◆ Records provided ◆
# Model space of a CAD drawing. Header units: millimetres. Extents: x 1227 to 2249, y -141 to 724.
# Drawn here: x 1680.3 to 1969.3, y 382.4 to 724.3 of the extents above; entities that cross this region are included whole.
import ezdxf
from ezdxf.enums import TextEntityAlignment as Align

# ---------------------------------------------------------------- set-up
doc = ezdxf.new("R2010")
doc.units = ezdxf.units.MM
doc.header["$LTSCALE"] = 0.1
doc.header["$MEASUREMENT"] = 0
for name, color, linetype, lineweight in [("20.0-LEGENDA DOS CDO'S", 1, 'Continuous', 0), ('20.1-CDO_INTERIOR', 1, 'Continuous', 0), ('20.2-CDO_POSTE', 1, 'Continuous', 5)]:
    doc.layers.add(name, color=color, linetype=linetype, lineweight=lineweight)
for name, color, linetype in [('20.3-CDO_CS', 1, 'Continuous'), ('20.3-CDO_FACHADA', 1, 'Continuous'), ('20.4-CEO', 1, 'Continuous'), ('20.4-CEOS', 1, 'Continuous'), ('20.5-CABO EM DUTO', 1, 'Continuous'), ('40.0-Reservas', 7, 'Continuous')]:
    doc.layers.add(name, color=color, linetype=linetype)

◆ Task details ◆
Take every line from the records above that has the word "ezdxf" and copy it.

◆ Solution ◆
import ezdxf
from ezdxf.enums import TextEntityAlignment as Align
doc = ezdxf.new("R2010")
doc.units = ezdxf.units.MM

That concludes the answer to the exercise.